(Items listed in a dataset)
──────
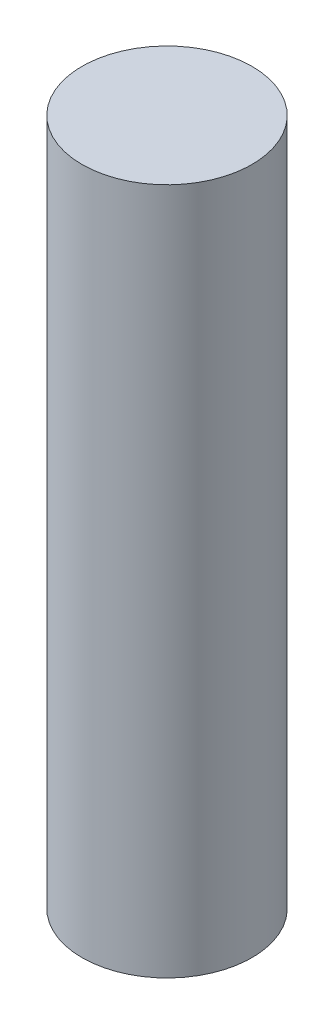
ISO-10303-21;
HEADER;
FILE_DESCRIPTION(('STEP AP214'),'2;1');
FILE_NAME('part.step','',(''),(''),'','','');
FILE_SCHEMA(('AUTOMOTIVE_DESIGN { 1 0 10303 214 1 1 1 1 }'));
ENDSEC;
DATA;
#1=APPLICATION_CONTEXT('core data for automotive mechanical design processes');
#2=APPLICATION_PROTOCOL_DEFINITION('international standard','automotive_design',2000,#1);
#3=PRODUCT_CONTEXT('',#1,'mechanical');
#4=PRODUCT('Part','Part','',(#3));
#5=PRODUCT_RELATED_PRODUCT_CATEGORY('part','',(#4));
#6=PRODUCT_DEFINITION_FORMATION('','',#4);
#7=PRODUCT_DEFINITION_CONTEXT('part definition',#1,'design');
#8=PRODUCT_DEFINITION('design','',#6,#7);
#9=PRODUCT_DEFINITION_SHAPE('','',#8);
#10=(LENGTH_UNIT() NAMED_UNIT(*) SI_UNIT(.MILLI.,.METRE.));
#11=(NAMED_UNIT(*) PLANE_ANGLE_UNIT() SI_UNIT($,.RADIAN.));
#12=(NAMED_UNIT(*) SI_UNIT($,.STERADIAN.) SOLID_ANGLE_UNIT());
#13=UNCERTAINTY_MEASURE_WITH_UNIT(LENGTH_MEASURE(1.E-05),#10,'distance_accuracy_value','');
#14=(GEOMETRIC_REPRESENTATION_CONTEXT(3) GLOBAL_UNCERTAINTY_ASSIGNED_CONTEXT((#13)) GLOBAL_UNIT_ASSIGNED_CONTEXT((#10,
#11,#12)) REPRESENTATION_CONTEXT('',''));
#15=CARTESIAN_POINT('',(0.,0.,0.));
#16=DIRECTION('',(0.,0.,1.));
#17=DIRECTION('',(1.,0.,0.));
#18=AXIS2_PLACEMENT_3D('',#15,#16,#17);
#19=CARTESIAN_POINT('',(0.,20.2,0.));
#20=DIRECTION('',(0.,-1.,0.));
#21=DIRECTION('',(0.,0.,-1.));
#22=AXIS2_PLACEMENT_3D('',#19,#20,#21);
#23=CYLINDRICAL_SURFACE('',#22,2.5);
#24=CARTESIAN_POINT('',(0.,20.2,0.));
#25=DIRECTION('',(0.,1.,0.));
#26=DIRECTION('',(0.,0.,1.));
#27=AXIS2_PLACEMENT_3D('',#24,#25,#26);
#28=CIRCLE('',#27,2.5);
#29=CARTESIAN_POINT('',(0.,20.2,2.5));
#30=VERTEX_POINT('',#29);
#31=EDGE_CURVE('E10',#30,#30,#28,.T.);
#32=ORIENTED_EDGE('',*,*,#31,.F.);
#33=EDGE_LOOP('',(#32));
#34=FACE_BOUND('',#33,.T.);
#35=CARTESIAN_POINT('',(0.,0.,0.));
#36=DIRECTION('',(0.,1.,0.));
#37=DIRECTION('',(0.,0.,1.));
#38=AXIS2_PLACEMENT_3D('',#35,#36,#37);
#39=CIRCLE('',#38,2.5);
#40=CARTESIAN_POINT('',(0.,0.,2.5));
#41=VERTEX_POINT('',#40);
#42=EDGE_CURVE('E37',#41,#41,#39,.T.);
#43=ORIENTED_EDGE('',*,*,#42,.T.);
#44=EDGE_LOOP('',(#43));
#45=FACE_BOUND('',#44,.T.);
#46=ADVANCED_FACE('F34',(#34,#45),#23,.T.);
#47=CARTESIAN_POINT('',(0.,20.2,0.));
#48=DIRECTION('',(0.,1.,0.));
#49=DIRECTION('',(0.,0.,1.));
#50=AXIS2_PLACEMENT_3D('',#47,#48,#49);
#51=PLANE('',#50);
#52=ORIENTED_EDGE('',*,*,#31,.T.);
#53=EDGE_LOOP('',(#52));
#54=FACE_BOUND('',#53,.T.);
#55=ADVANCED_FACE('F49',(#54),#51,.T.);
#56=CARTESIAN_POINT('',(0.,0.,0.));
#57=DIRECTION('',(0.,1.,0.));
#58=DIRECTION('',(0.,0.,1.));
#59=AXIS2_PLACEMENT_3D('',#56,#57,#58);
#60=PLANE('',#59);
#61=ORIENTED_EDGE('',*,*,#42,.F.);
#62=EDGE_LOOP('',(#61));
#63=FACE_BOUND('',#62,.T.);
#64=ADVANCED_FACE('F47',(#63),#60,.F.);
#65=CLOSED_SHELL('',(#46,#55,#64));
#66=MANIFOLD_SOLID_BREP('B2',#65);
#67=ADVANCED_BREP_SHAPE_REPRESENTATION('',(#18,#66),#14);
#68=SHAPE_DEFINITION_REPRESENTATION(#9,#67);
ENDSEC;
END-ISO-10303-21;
──────
Your answer should be the lines above, from the line containing "#42=EDGE_CURVE('E37',#41,#41,#39,.T.);" up to and including the line containing "#54=FACE_BOUND('',#53,.T.);", reproduced exactly and with nothing else.

#42=EDGE_CURVE('E37',#41,#41,#39,.T.);
#43=ORIENTED_EDGE('',*,*,#42,.T.);
#44=EDGE_LOOP('',(#43));
#45=FACE_BOUND('',#44,.T.);
#46=ADVANCED_FACE('F34',(#34,#45),#23,.T.);
#47=CARTESIAN_POINT('',(0.,20.2,0.));
#48=DIRECTION('',(0.,1.,0.));
#49=DIRECTION('',(0.,0.,1.));
#50=AXIS2_PLACEMENT_3D('',#47,#48,#49);
#51=PLANE('',#50);
#52=ORIENTED_EDGE('',*,*,#31,.T.);
#53=EDGE_LOOP('',(#52));
#54=FACE_BOUND('',#53,.T.);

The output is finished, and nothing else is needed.